We’re heralding a new era of precision cancer care; a transformative change driven by gene-profiling technologies is slowly phasing out one-size-fits-all standard treatments such as chemotherapy.
Designing personalised treatment protocols for colorectal cancer (CRC) patients currently relies on a consensus molecular subtype (CMS) classifier, a system used to categorise tumours based on their genetic and molecular characteristics.
However, researchers say that because CMS analyses tumour cells in bulk, it lacks resolution. Today’s CMS can be compared to classifying cars into broad categories such as ‘sports cars’ or ‘utility vehicles’, which overlooks the unique features and capabilities of individual models.
Iain Tan, a Principal Investigator at A*STAR’s Genome Institute of Singapore (GIS), said that single-cell RNA sequencing (scRNA-seq) technologies can help to fill the gap. “We can identify malignant cell subtypes and their properties, as well as understand their interactions with other cells in the tumour microenvironment,” said Tan, adding that this provides a clearer view of CRC heterogeneity.
Tan was part of a cross-functional team including researchers from National Cancer Centre, Singapore General Hospital, and experts from Singapore, Switzerland, Belgium, Korea and the US that aimed to revamp the current CMS with the help of transcriptomics.
The team analysed a massive 370,000 transcriptomes from 63 patients across five cohorts, generating one of the largest single-cell CRC datasets to date. A subset of about 50,000 epithelial cell transcripts formed the nexus of their inquiry, as these cells are known to be the origin of most CRCs.

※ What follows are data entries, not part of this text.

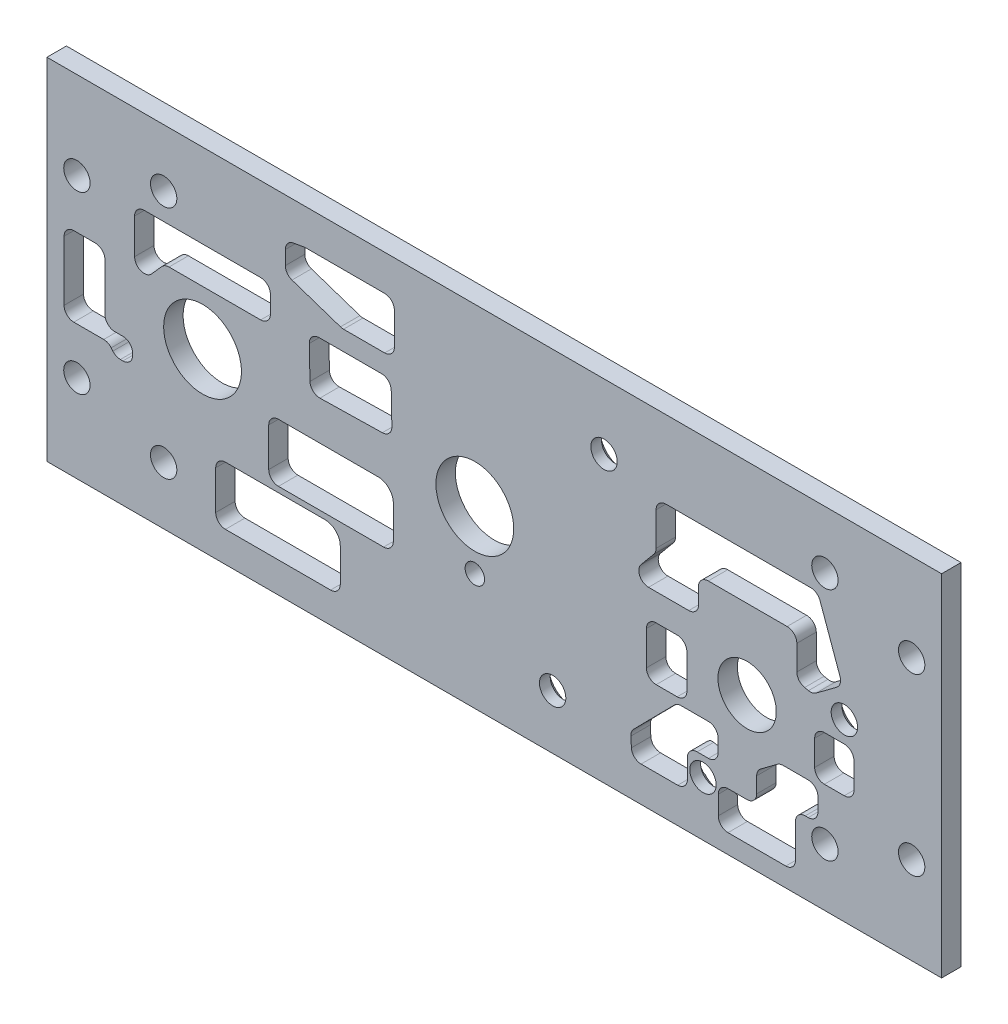
SolidWorks part; units mm, degrees
ref_plane "Front Plane" through (0, 0, 0) normal (0, 0, 1) x (1, 0, 0)
ref_plane "Top Plane" through (0, 0, 0) normal (0, 1, 0) x (1, 0, 0)
ref_plane "Right Plane" through (0, 0, 0) normal (1, 0, 0) x (0, 0, -1)
sketch "Sketch1" plane through (0, 0, 0) normal (0, 0, 1) x (1, 0, 0)
  line L4 (0, 57.15) -> (-146.05, 57.15)
  line L5 (-146.05, 57.15) -> (-146.05, 0)
  line L6 (-146.05, 0) -> (0, 0)
  line L7 (0, 0) -> (0, 57.15)
  line L8 (0, 57.15) -> (-146.05, 57.15)
  line L9 (-146.05, 57.15) -> (-146.05, 0)
  line L10 (-146.05, 0) -> (0, 0)
  line L11 (0, 0) -> (0, 57.15)
  dimension "D1" = 0
extrude "Boss-Extrude1" add sketch "Sketch1" against normal blind 3.175
hole_wizard "#6 Clearance Hole1" positions "Sketch3" profile "Sketch2" hole size "#6" standard "ANSI Inch" end condition through all
sketch "Sketch3" plane through (0, 0, -3.175) normal (0, 0, -1) x (-1, 0, 0)
  point P0 (4.8895, 42.8625)
  point P3 (141.1605, 42.8625)
  point P6 (141.1605, 14.2875)
  point P9 (4.8895, 14.2875)
  point P12 (19.05, 47.752)
  point P15 (19.05, 9.398)
  point P18 (127, 9.398)
  point P21 (127, 47.752)
sketch "Sketch2" plane through (-4.8895, 42.8625, -3.175) normal (1, 0, 0) x (0, 1, 0)
  line L0 (0, 0) -> (0, 3.175)
  line L1 (0, 3.175) -> (2.1526, 3.175)
  line L2 (2.1526, 3.175) -> (2.1526, 0)
  line L5 (2.1526, 0) -> (0, 0)
  line L11 (0, -6.35) -> (0, 107.95) construction
  dimension "Thru Hole Dia." = 4.3053
  dimension "Thru Hole Depth" = 3.175
hole_wizard "1/2 (0.5) Diameter Hole1" positions "Sketch5" profile "Sketch4" hole size "1/2" standard "ANSI Inch" end condition through all
sketch "Sketch5" plane through (0, 0, -3.175) normal (0, 0, -1) x (-1, 0, 0)
  point P0 (76.2, 28.575)
  point P3 (120.65, 28.575)
sketch "Sketch4" plane through (-76.2, 28.575, -3.175) normal (1, 0, 0) x (0, 1, 0)
  line L0 (0, 0) -> (0, 3.175)
  line L1 (0, 3.175) -> (6.35, 3.175)
  line L2 (6.35, 3.175) -> (6.35, 0)
  line L5 (6.35, 0) -> (0, 0)
  line L11 (0, -6.35) -> (0, 107.95) construction
  dimension "Thru Hole Dia." = 12.7
  dimension "Thru Hole Depth" = 3.175
hole_wizard "3/8 (0.375) Diameter Hole1" positions "Sketch7" profile "Sketch6" hole size "3/8" standard "ANSI Inch" end condition through all
sketch "Sketch7" plane through (0, 0, -3.175) normal (0, 0, -1) x (-1, 0, 0)
  point P0 (31.75, 24.13)
sketch "Sketch6" plane through (-31.75, 24.13, -3.175) normal (1, 0, 0) x (0, 1, 0)
  line L0 (0, 0) -> (0, 3.175)
  line L1 (0, 3.175) -> (4.7625, 3.175)
  line L2 (4.7625, 3.175) -> (4.7625, 0)
  line L5 (4.7625, 0) -> (0, 0)
  line L11 (0, -6.35) -> (0, 107.95) construction
  dimension "Thru Hole Dia." = 9.525
  dimension "Thru Hole Depth" = 3.175
hole_wizard "1/8 (0.125) Diameter Hole1" positions "Sketch9" profile "Sketch8" hole size "1/8" standard "ANSI Inch" end condition through all
sketch "Sketch9" plane through (0, 0, -3.175) normal (0, 0, -1) x (-1, 0, 0)
  point P0 (76.2, 19.05)
sketch "Sketch8" plane through (-76.2, 19.05, -3.175) normal (1, 0, 0) x (0, 1, 0)
  line L0 (0, 0) -> (0, 3.175)
  line L1 (0, 3.175) -> (1.5875, 3.175)
  line L2 (1.5875, 3.175) -> (1.5875, 0)
  line L5 (1.5875, 0) -> (0, 0)
  line L11 (0, -6.35) -> (0, 107.95) construction
  dimension "Thru Hole Dia." = 3.175
  dimension "Thru Hole Depth" = 3.175
hole_wizard "CSK for #6 Flat Head Machine Screw (100)2" positions "Sketch13" profile "Sketch14" countersink size "#6" standard "ANSI Inch" end condition through all
sketch "Sketch13" plane through (0, 0, -3.175) normal (0, 0, -1) x (-1, 0, 0)
  point P0 (63.5, 8.89)
  point P2 (55.108, 46.4933)
  point P4 (15.875, 28.58)
  point P6 (38.95, 8.89)
sketch "Sketch14" plane through (-63.5, 8.89, -3.175) normal (1, 0, 0) x (0, 1, 0)
  line L0 (0, 0) -> (0, 3.175)
  line L1 (0, 3.175) -> (2.1526, 3.175)
  line L2 (2.1526, 3.175) -> (2.1526, 1.4209)
  line L3 (2.1526, 1.4209) -> (3.846, 0)
  line L5 (3.846, 0) -> (0, 0)
  line L6 (-2.1526, 1.4209) -> (-3.846, 0) construction
  line L11 (0, -6.35) -> (0, 107.95) construction
  dimension "Thru Hole Dia." = 4.3053
  dimension "Thru Hole Depth" = 3.175
  dimension "Near C'Sink Dia." = 7.692
  dimension "Near C'Sink Angle" = 100
sketch "Sketch15" plane through (0, 0, -3.175) normal (0, 0, -1) x (-1, 0, 0)
  line L0 (21.3472, 44.4967) -> (45.0121, 44.4967)
  line L1 (46.5996, 42.9092) -> (46.5996, 37.4558)
  line L2 (46.9673, 36.4398) -> (49.0674, 33.9182)
  line L3 (47.8475, 31.3147) -> (41.2725, 31.3147)
  line L4 (39.685, 32.9022) -> (39.685, 35.5002)
  line L5 (38.0975, 37.0877) -> (25.2199, 37.0877)
  line L6 (23.6324, 35.5002) -> (23.6324, 31.4465)
  line L7 (22.3581, 29.8902) -> (21.7351, 29.7648)
  line L8 (20.4716, 30.0495) -> (17.1327, 32.5446)
  line L9 (16.5889, 34.3526) -> (19.853, 43.4456)
  line L10 (43.1694, 26.9041) -> (46.5996, 26.9041)
  line L11 (48.1871, 25.3166) -> (48.1871, 19.7591)
  line L12 (46.5996, 18.1716) -> (43.1694, 18.1716)
  line L13 (41.5819, 19.7591) -> (41.5819, 25.3166)
  line L14 (90.921, 42.9092) -> (97.6271, 42.9092)
  line L15 (98.1323, 42.9918) -> (106.0507, 45.6499)
  line L16 (107.133, 47.1549) -> (107.133, 49.4288)
  line L17 (105.8312, 50.9904) -> (104.1288, 51.3019)
  line L18 (103.8431, 51.3278) -> (90.921, 51.3278)
  line L19 (89.3335, 49.7403) -> (89.3335, 44.4967)
  line L20 (103.2202, 38.1053) -> (103.1126, 32.7901)
  line L21 (101.4933, 31.235) -> (91.2976, 31.4416)
  line L22 (89.7426, 33.0609) -> (89.8461, 38.1696)
  line L23 (91.4333, 39.725) -> (101.6331, 39.725)
  line L24 (111.1606, 37.4558) -> (126.1275, 37.4558)
  line L25 (127.3155, 36.9213) -> (128.968, 35.057)
  line L26 (131.7435, 36.11) -> (131.7435, 41.8581)
  line L27 (130.156, 43.4456) -> (111.1606, 43.4456)
  line L28 (109.5731, 41.8581) -> (109.5731, 39.0433)
  line L29 (143.2554, 33.2422) -> (143.2554, 23.4739)
  line L30 (141.6679, 21.8864) -> (136.7791, 21.8864)
  line L31 (135.5587, 21.3143) -> (135.2847, 20.9849)
  line L32 (134.0643, 20.4128) -> (133.6479, 20.4128)
  line L33 (132.0604, 22.0003) -> (132.0604, 22.3105)
  line L34 (133.6479, 23.898) -> (134.9896, 23.898)
  line L35 (136.5771, 25.4855) -> (136.5771, 33.2422)
  line L36 (138.1646, 34.8297) -> (141.6679, 34.8297)
  line L37 (91.9714, 24.8598) -> (108.2562, 24.8598)
  line L40 (108.2562, 15.3802) -> (91.0931, 15.3802)
  line L41 (89.5056, 16.9677) -> (89.5056, 22.394)
  line L42 (15.8936, 25.1311) -> (19.134, 25.1311)
  line L43 (20.7215, 23.5436) -> (20.7215, 19.4102)
  line L44 (19.134, 17.8227) -> (15.8936, 17.8227)
  line L45 (14.3061, 19.4102) -> (14.3061, 23.5436)
  line L46 (20.1879, 15.5305) -> (20.1879, 13.3812)
  line L47 (21.7754, 11.7937) -> (22.2638, 11.7937)
  line L48 (23.8513, 10.2062) -> (23.8513, 4.7003)
  line L49 (25.4388, 3.1128) -> (34.8743, 3.1128)
  line L50 (36.4618, 4.7003) -> (36.4618, 7.7524)
  line L52 (25.8742, 17.118) -> (21.7754, 17.118)
  line L53 (36.4835, 15.651) -> (36.4835, 13.6067)
  line L54 (38.071, 12.0192) -> (39.9092, 12.0192)
  line L55 (41.4967, 10.4317) -> (41.4967, 7.3058)
  line L56 (43.0842, 5.7183) -> (49.0555, 5.7183)
  line L57 (50.6408, 7.2234) -> (50.725, 8.8432)
  line L58 (50.2698, 10.0404) -> (43.6356, 16.7658)
  line L59 (42.5054, 17.2385) -> (38.071, 17.2385)
  line L60 (26.825, 16.8018) -> (29.5567, 14.759)
  line L61 (30.1935, 13.4877) -> (30.1935, 10.9274)
  line L62 (31.781, 9.3399) -> (34.8743, 9.3399)
  line L63 (109.8437, 23.2723) -> (109.8437, 16.9677)
  line L64 (100.6444, 14.4687) -> (116.9139, 14.4687)
  line L65 (116.9139, 4.9739) -> (99.7509, 4.9739)
  line L66 (98.1634, 6.5614) -> (98.1634, 11.9877)
  line L67 (118.5014, 12.8812) -> (118.5014, 6.5614)
  arc A0 (17.1327, 32.5446) -> (16.5889, 34.3526) centre (18.083, 33.8163) cw
  arc A1 (21.3472, 44.4967) -> (19.853, 43.4456) centre (21.3472, 42.9092) ccw
  arc A2 (45.0121, 44.4967) -> (46.5996, 42.9092) centre (45.0121, 42.9092) cw
  arc A3 (46.5996, 37.4558) -> (46.9673, 36.4398) centre (48.1871, 37.4558) ccw
  arc A4 (49.0674, 33.9182) -> (47.8475, 31.3147) centre (47.8475, 32.9022) cw
  arc A5 (41.2725, 31.3147) -> (39.685, 32.9022) centre (41.2725, 32.9022) cw
  arc A6 (39.685, 35.5002) -> (38.0975, 37.0877) centre (38.0975, 35.5002) ccw
  arc A7 (25.2199, 37.0877) -> (23.6324, 35.5002) centre (25.2199, 35.5002) ccw
  arc A8 (23.6324, 31.4465) -> (22.3581, 29.8902) centre (22.0449, 31.4465) cw
  arc A9 (21.7351, 29.7648) -> (20.4716, 30.0495) centre (21.4219, 31.3211) cw
  arc A10 (43.1694, 26.9041) -> (41.5819, 25.3166) centre (43.1694, 25.3166) ccw
  arc A11 (46.5996, 26.9041) -> (48.1871, 25.3166) centre (46.5996, 25.3166) cw
  arc A12 (48.1871, 19.7591) -> (46.5996, 18.1716) centre (46.5996, 19.7591) cw
  arc A13 (43.1694, 18.1716) -> (41.5819, 19.7591) centre (43.1694, 19.7591) cw
  arc A14 (104.1288, 51.3019) -> (103.8431, 51.3278) centre (103.8431, 49.7403) ccw
  arc A15 (107.133, 49.4288) -> (105.8312, 50.9904) centre (105.5455, 49.4288) ccw
  arc A16 (106.0507, 45.6499) -> (107.133, 47.1549) centre (105.5455, 47.1549) ccw
  arc A17 (97.6271, 42.9092) -> (98.1323, 42.9918) centre (97.6271, 44.4967) ccw
  arc A18 (90.921, 51.3278) -> (89.3335, 49.7403) centre (90.921, 49.7403) ccw
  arc A19 (90.921, 42.9092) -> (89.3335, 44.4967) centre (90.921, 44.4967) cw
  arc A20 (89.8461, 38.1696) -> (91.4333, 39.725) centre (91.4333, 38.1375) cw
  arc A21 (91.2976, 31.4416) -> (89.7426, 33.0609) centre (91.3298, 33.0287) cw
  arc A22 (103.1126, 32.7901) -> (101.4933, 31.235) centre (101.5254, 32.8222) cw
  arc A23 (103.2202, 38.1053) -> (101.6331, 39.725) centre (101.6331, 38.1375) ccw
  arc A24 (131.7435, 41.8581) -> (130.156, 43.4456) centre (130.156, 41.8581) ccw
  arc A25 (128.968, 35.057) -> (131.7435, 36.11) centre (130.156, 36.11) ccw
  arc A26 (126.1275, 37.4558) -> (127.3155, 36.9213) centre (126.1275, 35.8683) cw
  arc A27 (111.1606, 37.4558) -> (109.5731, 39.0433) centre (111.1606, 39.0433) cw
  arc A28 (111.1606, 43.4456) -> (109.5731, 41.8581) centre (111.1606, 41.8581) ccw
  arc A29 (143.2554, 23.4739) -> (141.6679, 21.8864) centre (141.6679, 23.4739) cw
  arc A30 (136.7791, 21.8864) -> (135.5587, 21.3143) centre (136.7791, 20.2989) ccw
  arc A31 (135.2847, 20.9849) -> (134.0643, 20.4128) centre (134.0643, 22.0003) cw
  arc A32 (133.6479, 20.4128) -> (132.0604, 22.0003) centre (133.6479, 22.0003) cw
  arc A33 (132.0604, 22.3105) -> (133.6479, 23.898) centre (133.6479, 22.3105) cw
  arc A34 (134.9896, 23.898) -> (136.5771, 25.4855) centre (134.9896, 25.4855) ccw
  arc A35 (136.5771, 33.2422) -> (138.1646, 34.8297) centre (138.1646, 33.2422) cw
  arc A36 (143.2554, 33.2422) -> (141.6679, 34.8297) centre (141.6679, 33.2422) ccw
  arc A37 (91.0931, 15.3802) -> (89.5056, 16.9677) centre (91.0931, 16.9677) cw
  arc A41 (91.9714, 24.8598) -> (89.5056, 22.394) centre (91.9714, 22.394) ccw
  arc A42 (15.8936, 17.8227) -> (14.3061, 19.4102) centre (15.8936, 19.4102) cw
  arc A43 (20.7215, 19.4102) -> (19.134, 17.8227) centre (19.134, 19.4102) cw
  arc A44 (19.134, 25.1311) -> (20.7215, 23.5436) centre (19.134, 23.5436) cw
  arc A45 (15.8936, 25.1311) -> (14.3061, 23.5436) centre (15.8936, 23.5436) ccw
  arc A47 (34.8743, 3.1128) -> (36.4618, 4.7003) centre (34.8743, 4.7003) ccw
  arc A48 (23.8513, 4.7003) -> (25.4388, 3.1128) centre (25.4388, 4.7003) ccw
  arc A49 (20.1879, 13.3812) -> (21.7754, 11.7937) centre (21.7754, 13.3812) ccw
  arc A51 (20.1879, 15.5305) -> (21.7754, 17.118) centre (21.7754, 15.5305) cw
  arc A52 (22.2638, 11.7937) -> (23.8513, 10.2062) centre (22.2638, 10.2062) cw
  arc A53 (25.8742, 17.118) -> (26.825, 16.8018) centre (25.8742, 15.5305) cw
  arc A54 (50.725, 8.8432) -> (50.2698, 10.0404) centre (49.1397, 8.9256) ccw
  arc A55 (49.0555, 5.7183) -> (50.6408, 7.2234) centre (49.0555, 7.3058) ccw
  arc A56 (41.4967, 7.3058) -> (43.0842, 5.7183) centre (43.0842, 7.3058) ccw
  arc A57 (39.9092, 12.0192) -> (41.4967, 10.4317) centre (39.9092, 10.4317) cw
  arc A58 (36.4835, 13.6067) -> (38.071, 12.0192) centre (38.071, 13.6067) ccw
  arc A59 (43.6356, 16.7658) -> (42.5054, 17.2385) centre (42.5054, 15.651) ccw
  arc A60 (36.4835, 15.651) -> (38.071, 17.2385) centre (38.071, 15.651) cw
  arc A61 (29.5567, 14.759) -> (30.1935, 13.4877) centre (28.606, 13.4877) cw
  arc A62 (30.1935, 10.9274) -> (31.781, 9.3399) centre (31.781, 10.9274) ccw
  arc A63 (36.4618, 7.7524) -> (34.8743, 9.3399) centre (34.8743, 7.7524) ccw
  arc A64 (109.8437, 16.9677) -> (108.2562, 15.3802) centre (108.2562, 16.9677) cw
  arc A65 (108.2562, 24.8598) -> (109.8437, 23.2723) centre (108.2562, 23.2723) cw
  arc A66 (99.7509, 4.9739) -> (98.1634, 6.5614) centre (99.7509, 6.5614) cw
  arc A67 (100.6444, 14.4687) -> (98.1634, 11.9877) centre (100.6444, 11.9877) ccw
  arc A68 (118.5014, 6.5614) -> (116.9139, 4.9739) centre (116.9139, 6.5614) cw
  arc A69 (116.9139, 14.4687) -> (118.5014, 12.8812) centre (116.9139, 12.8812) cw
  dimension "D1" = 1.5875
  dimension "D2" = 1.5875
  dimension "D3" = 1.5875
  dimension "D4" = 1.5875
  dimension "D5" = 1.5875
  dimension "D6" = 1.5875
  dimension "D7" = 1.5875
  dimension "D8" = 1.5875
  dimension "D9" = 1.5875
  dimension "D10" = 1.5875
  dimension "D11" = 1.5875
  dimension "D12" = 1.5875
  dimension "D13" = 1.5875
extrude "Cut-Extrude1" cut sketch "Sketch15" against normal through all

Their analyses revealed that malignant epithelial cells were divided into two intrinsic-molecular subtypes—iCMS2 and iCMS3—characterised by distinct signalling pathways and mutational profiles. They also found that one-third of microsatellite stable tumours share more in common with microsatellite instability-high tumours in terms of their genetic activity and biological pathways—a finding that challenges the traditional classifications of CRC.
With this, the existing CMS went from four broad categories to five distinct subtypes, which now include data on the tumour’s intrinsic epithelial subtype, microsatellite instability status and fibrosis.
In addition, the researchers offered trailblazing insights on the existing classifier, CMS4, known to represent fibrotic tumours that are particularly prone to post-treatment relapse.
“CMS4 tumours are evenly split between iCMS2 and iCMS3, [and are] not a distinct subgroup,” explained Tan. “CMS4 cancers with iCMS3 epithelium have particularly poor outcomes.”
These new frameworks to stratify CMS4 tumours provide a more nuanced understanding that can reshape diagnostic and treatment strategies for CRC patients. For example, iCMS3 cancers have an inflammatory and immune-activated tumour microenvironment and may therefore be more susceptible to immunotherapies.
Moving ahead, the researchers’ ongoing pursuits are exploring the early development and immunological makeup of iCMS2 and iCMS3 tumours. “We are also performing biological and clinical studies to prevent CRC metastasis,” concluded Tan.
The A*STAR-affiliated researchers contributing to this research are from the Genome Institute of Singapore (GIS) and the Institute of Molecular and Cell Biology (IMCB).